▶ **WHAT THIS TASK INVOLVES**:
Please write out the lines of the data exactly, beginning with the first and ending with the line containing "- net JTAG_TDO: now also R?.1"; leave the pictures behind.
=-=-=
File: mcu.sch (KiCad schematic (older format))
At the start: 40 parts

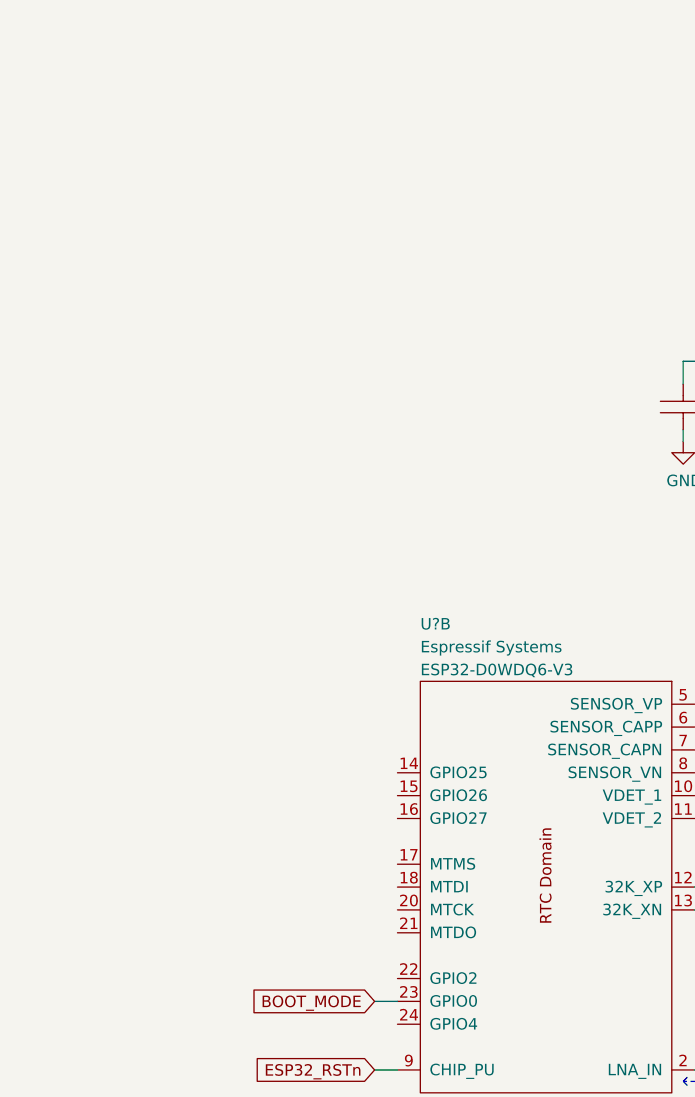
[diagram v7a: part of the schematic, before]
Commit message: Add JTAG interface.
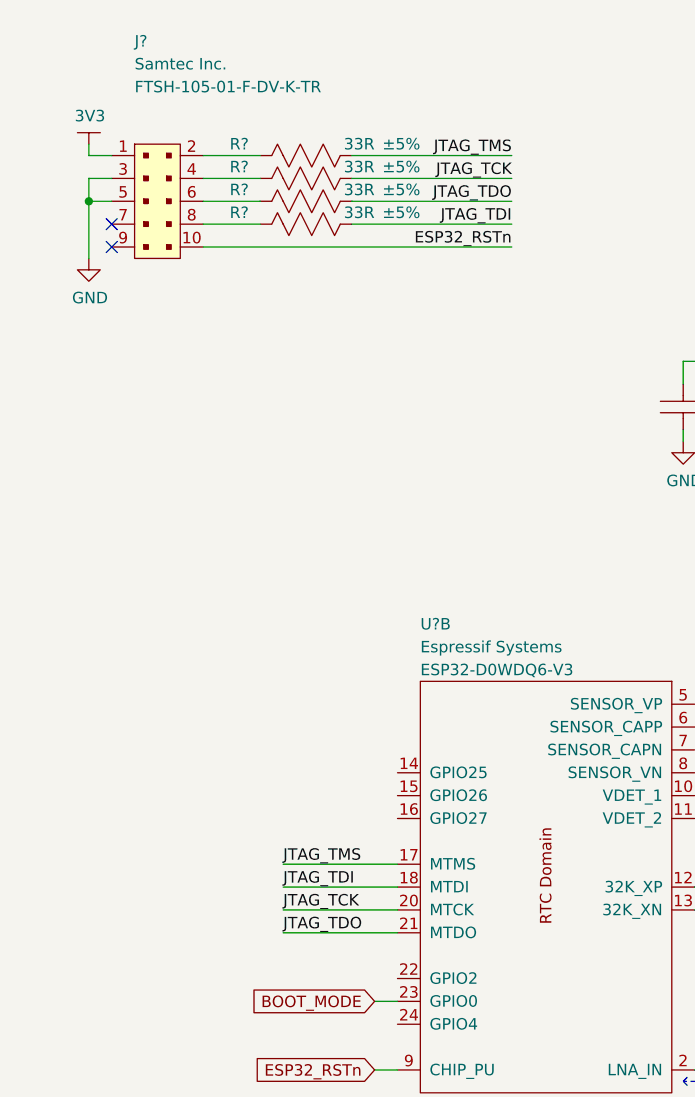
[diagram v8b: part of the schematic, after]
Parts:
- added J?: Samtec-FTSH-105-01-F-DV-K-TR, footprints:Samtec_FTSH-105-01-F-DV-K-TR, symbol gz_Rectangular-Connectors-Headers-Male-Pins:Samtec-FTSH-105-01-F-DV-K-TR
- added R? (x4): RES-EIA0402, footprints_generic:RESC100X50X40L25NN, symbol gz_Chip-Resistors-Surface-Mount:RES-EIA0402
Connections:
- net +3V3: now also J?.1
- net ESP32_RSTn: now also J?.10
- net GND: now also J?.3, J?.5
- net JTAG_TMS: now reaches U?.17 (MTMS)
- net JTAG_TMS: now also R?.1
- net JTAG_TDI: now reaches U?.18 (MTDI)
- net JTAG_TDI: now also R?.1
- net JTAG_TCK: now reaches U?.20 (MTCK)
- net JTAG_TCK: now also R?.1
- net JTAG_TDO: now reaches U?.21 (MTDO)
- net JTAG_TDO: now also R?.1
- new net: J?.2, R?.2
- new net: J?.4, R?.2
- new net: J?.6, R?.2
- new net: J?.8, R?.2
- no-connect marks 0 -> 2
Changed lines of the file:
@@
 Text GLabel 2200 4950 0    50   Input ~ 0
 BOOT_MODE
+$Comp
+L gz_Rectangular-Connectors-Headers-Male-Pins:Samtec-FTSH-105-01-F-DV-K-TR J?
+U 1 1 6079BF3E
+P 1250 1450
+F 0 "J?" H 1150 2150 50  0000 L CNN
+F 1 "Samtec-FTSH-105-01-F-DV-K-TR" H 1750 2300 50  0001 L CNN
+F 2 "footprints:Samtec_FTSH-105-01-F-DV-K-TR" H 1750 2400 50  0001 L CNN
+F 3 "${DATASHEETS}/Samtec_FTSH-SMT.pdf" H 2050 150 50  0001 L CNN
+F 4 "Digikey" H 1750 2200 50  0001 L CNN "Vendor"
+F 5 "SAM13160CT-ND" H 2050 2200 50  0001 L CNN "Vendor_PN"
+F 6 "Samtec Inc." H 1150 2050 50  0000 L CNN "Manufacturer"
+F 7 "FTSH-105-01-F-DV-K-TR" H 1150 1950 50  0000 L CNN "MPN"
+F 8 "Connectors, Interconnects" H 1750 2100 50  0001 L CNN "Category"
+F 9 "Rectangular Connectors - Headers, Male Pins" H 1750 2000 50  0001 L CNN "Family"
+F 10 "Yes" H 1300 1900 50  0001 L CNN "Fit"
+	1    1250 1450
+	1    0    0    -1
+$EndComp
+Wire Wire Line
+	1050 1350 950  1350
+Wire Wire Line
+	950  1350 950  1450
+Wire Wire Line
+	1050 1450 950  1450
+Connection ~ 950  1450
+Wire Wire Line
+	950  1450 950  1700
+Wire Wire Line
+	1050 1250 950  1250
+Wire Wire Line
+	950  1250 950  1200
+$Comp
+L gz_Power-Symbols:3V3 #PWR?
+U 1 1 607B6F1E
+P 950 1200
+F 0 "#PWR?" H 1100 1150 50  0001 C CNN
+F 1 "3V3" H 955 1323 50  0000 C CNN
+F 2 "" H 950 1200 50  0001 C CNN
+F 3 "" H 950 1200 50  0001 C CNN
+	1    950  1200
+	1    0    0    -1
+$EndComp
+Wire Wire Line
+	2300 4350 1800 4350
+Wire Wire Line
+	2300 4450 1800 4450
+Wire Wire Line
+	2300 4550 1800 4550
+Wire Wire Line
+	2300 4650 1800 4650
+Text Label 1800 4350 0    50   ~ 0
+JTAG_TMS
+Text Label 1800 4650 0    50   ~ 0
+JTAG_TDO
+Text Label 1800 4450 0    50   ~ 0
+JTAG_TDI
+Text Label 1800 4550 0    50   ~ 0
+JTAG_TCK
+Wire Wire Line
+	2100 1250 2800 1250
+Wire Wire Line
+	2100 1550 2800 1550
+Wire Wire Line
+	2100 1350 2800 1350
+Wire Wire Line
+	2100 1450 2800 1450
+Text Label 2800 1250 2    50   ~ 0
+JTAG_TMS
+Text Label 2800 1450 2    50   ~ 0
+JTAG_TDO
+Text Label 2800 1550 2    50   ~ 0
+JTAG_TDI
+Text Label 2800 1350 2    50   ~ 0
+JTAG_TCK
+$Comp
+L gz_Chip-Resistors-Surface-Mount:RES-EIA0402 R?
+U 1 1 6082CA10
+P 1900 1350
+AR Path="/60330427/6082CA10" Ref="R?"  Part="1"
+AR Path="/606CDE66/6082CA10" Ref="R?"  Part="1"
+F 0 "R?" H 2150 1300 50  0000 L CNN
+F 1 "RES-EIA0402" H 2700 2250 50  0001 L CNN
+F 2 "footprints_generic:RESC100X50X40L25NN" H -1400 5700 50  0001 L CNN
+F 3 "${PANASONIC_GP_CHIP_RES_BASE}ERJ2GEJ330X" H -1400 5800 50  0001 L CNN
+F 4 "Digikey" H 1900 1350 50  0001 L CNN "Vendor"
+F 5 "P33KJCT-ND" H 1900 1350 50  0001 L CNN "Vendor_PN"
+F 6 "Panasonic Electronic Components" H 2700 2050 50  0001 L CNN "Manufacturer"
+F 7 "ERJ2GEJ330X" H 2700 1950 50  0001 L CNN "MPN"
+F 8 "Resistors" H -1400 6100 50  0001 L CNN "Category"
+F 9 "Chip Resistor - Surface Mount" H -1400 6200 50  0001 L CNN "Family"
+F 10 "Yes" H 1900 1350 50  0001 C CNN "Fit"
+F 11 "33R" H 1600 1300 50  0000 L CNN "Resistance"
+F 12 "±5%" H 1400 1300 50  0000 L CNN "Tolerance"
+F 13 "1/10W" H 2050 1400 50  0001 L CNN "Power"
+F 14 "N/A" H 1900 1565 50  0001 L CNN "Voltage"
+F 15 "EIA0402" H 1450 1400 50  0001 L CNN "Package"
+	1    1900 1350
+	-1   0    0    1
+$EndComp
+$Comp
+L gz_Chip-Resistors-Surface-Mount:RES-EIA0402 R?
+U 1 1 6085CDA5
+P 1900 1450
+AR Path="/60330427/6085CDA5" Ref="R?"  Part="1"
+AR Path="/606CDE66/6085CDA5" Ref="R?"  Part="1"
+F 0 "R?" H 2150 1400 50  0000 L CNN
+F 1 "RES-EIA0402" H 2700 2350 50  0001 L CNN
+F 2 "footprints_generic:RESC100X50X40L25NN" H -1400 5800 50  0001 L CNN
+F 3 "${PANASONIC_GP_CHIP_RES_BASE}ERJ2GEJ330X" H -1400 5900 50  0001 L CNN
+F 4 "Digikey" H 1900 1450 50  0001 L CNN "Vendor"
+F 5 "P33KJCT-ND" H 1900 1450 50  0001 L CNN "Vendor_PN"
+F 6 "Panasonic Electronic Components" H 2700 2150 50  0001 L CNN "Manufacturer"
+F 7 "ERJ2GEJ330X" H 2700 2050 50  0001 L CNN "MPN"
+F 8 "Resistors" H -1400 6200 50  0001 L CNN "Category"
+F 9 "Chip Resistor - Surface Mount" H -1400 6300 50  0001 L CNN "Family"
+F 10 "Yes" H 1900 1450 50  0001 C CNN "Fit"
+F 11 "33R" H 1600 1400 50  0000 L CNN "Resistance"
+F 12 "±5%" H 1400 1400 50  0000 L CNN "Tolerance"
+F 13 "1/10W" H 2050 1500 50  0001 L CNN "Power"
+F 14 "N/A" H 1900 1665 50  0001 L CNN "Voltage"
+F 15 "EIA0402" H 1450 1500 50  0001 L CNN "Package"
+	1    1900 1450
+	-1   0    0    1
+$EndComp
+$Comp
+L gz_Chip-Resistors-Surface-Mount:RES-EIA0402 R?
+U 1 1 6085D372
+P 1900 1550
+AR Path="/60330427/6085D372" Ref="R?"  Part="1"
+AR Path="/606CDE66/6085D372" Ref="R?"  Part="1"
+F 0 "R?" H 2150 1500 50  0000 L CNN
+F 1 "RES-EIA0402" H 2700 2450 50  0001 L CNN
+F 2 "footprints_generic:RESC100X50X40L25NN" H -1400 5900 50  0001 L CNN
+F 3 "${PANASONIC_GP_CHIP_RES_BASE}ERJ2GEJ330X" H -1400 6000 50  0001 L CNN
+F 4 "Digikey" H 1900 1550 50  0001 L CNN "Vendor"
+F 5 "P33KJCT-ND" H 1900 1550 50  0001 L CNN "Vendor_PN"
+F 6 "Panasonic Electronic Components" H 2700 2250 50  0001 L CNN "Manufacturer"
+F 7 "ERJ2GEJ330X" H 2700 2150 50  0001 L CNN "MPN"
+F 8 "Resistors" H -1400 6300 50  0001 L CNN "Category"
+F 9 "Chip Resistor - Surface Mount" H -1400 6400 50  0001 L CNN "Family"
+F 10 "Yes" H 1900 1550 50  0001 C CNN "Fit"
+F 11 "33R" H 1600 1500 50  0000 L CNN "Resistance"
+F 12 "±5%" H 1400 1500 50  0000 L CNN "Tolerance"
+F 13 "1/10W" H 2050 1600 50  0001 L CNN "Power"
+F 14 "N/A" H 1900 1765 50  0001 L CNN "Voltage"
+F 15 "EIA0402" H 1450 1600 50  0001 L CNN "Package"
+	1    1900 1550
+	-1   0    0    1
+$EndComp
+$Comp
+L gz_Chip-Resistors-Surface-Mount:RES-EIA0402 R?
+U 1 1 6085D8AE
+P 1900 1250
+AR Path="/60330427/6085D8AE" Ref="R?"  Part="1"
+AR Path="/606CDE66/6085D8AE" Ref="R?"  Part="1"
+F 0 "R?" H 2150 1200 50  0000 L CNN
+F 1 "RES-EIA0402" H 2700 2150 50  0001 L CNN
+F 2 "footprints_generic:RESC100X50X40L25NN" H -1400 5600 50  0001 L CNN
+F 3 "${PANASONIC_GP_CHIP_RES_BASE}ERJ2GEJ330X" H -1400 5700 50  0001 L CNN
+F 4 "Digikey" H 1900 1250 50  0001 L CNN "Vendor"
+F 5 "P33KJCT-ND" H 1900 1250 50  0001 L CNN "Vendor_PN"
+F 6 "Panasonic Electronic Components" H 2700 1950 50  0001 L CNN "Manufacturer"
+F 7 "ERJ2GEJ330X" H 2700 1850 50  0001 L CNN "MPN"
+F 8 "Resistors" H -1400 6000 50  0001 L CNN "Category"
+F 9 "Chip Resistor - Surface Mount" H -1400 6100 50  0001 L CNN "Family"
+F 10 "Yes" H 1900 1250 50  0001 C CNN "Fit"
+F 11 "33R" H 1600 1200 50  0000 L CNN "Resistance"
+F 12 "±5%" H 1400 1200 50  0000 L CNN "Tolerance"
+F 13 "1/10W" H 2050 1300 50  0001 L CNN "Power"
+F 14 "N/A" H 1900 1465 50  0001 L CNN "Voltage"
+F 15 "EIA0402" H 1450 1300 50  0001 L CNN "Package"
+	1    1900 1250
+	-1   0    0    1
+$EndComp
+Wire Wire Line
+	1450 1250 1700 1250
+Wire Wire Line
+	1700 1350 1450 1350
+Wire Wire Line
+	1700 1450 1450 1450
+Wire Wire Line
+	1450 1550 1700 1550
+$Comp
+L gz_Power-Symbols:GND #PWR?
+U 1 1 608E3B60
+P 950 1700
+F 0 "#PWR?" H 950 1450 50  0001 C CNN
+F 1 "GND" H 955 1527 50  0000 C CNN
+F 2 "" H 950 1700 50  0001 C CNN
+F 3 "" H 950 1700 50  0001 C CNN
+	1    950  1700
+	1    0    0    -1
+$EndComp
+NoConn ~ 1050 1550
+NoConn ~ 1050 1650
+Wire Wire Line
+	1450 1650 2800 1650
+Text Label 2800 1650 2    50   ~ 0
+ESP32_RSTn
 $EndSCHEMATC
=-=-=
▶ **ANSWER TO THE PROBLEM**:
File: mcu.sch (KiCad schematic (older format))
At the start: 40 parts

[diagram v7a: part of the schematic, before]
Commit message: Add JTAG interface.
[diagram v8b: part of the schematic, after]
Parts:
- added J?: Samtec-FTSH-105-01-F-DV-K-TR, footprints:Samtec_FTSH-105-01-F-DV-K-TR, symbol gz_Rectangular-Connectors-Headers-Male-Pins:Samtec-FTSH-105-01-F-DV-K-TR
- added R? (x4): RES-EIA0402, footprints_generic:RESC100X50X40L25NN, symbol gz_Chip-Resistors-Surface-Mount:RES-EIA0402
Connections:
- net +3V3: now also J?.1
- net ESP32_RSTn: now also J?.10
- net GND: now also J?.3, J?.5
- net JTAG_TMS: now reaches U?.17 (MTMS)
- net JTAG_TMS: now also R?.1
- net JTAG_TDI: now reaches U?.18 (MTDI)
- net JTAG_TDI: now also R?.1
- net JTAG_TCK: now reaches U?.20 (MTCK)
- net JTAG_TCK: now also R?.1
- net JTAG_TDO: now reaches U?.21 (MTDO)
- net JTAG_TDO: now also R?.1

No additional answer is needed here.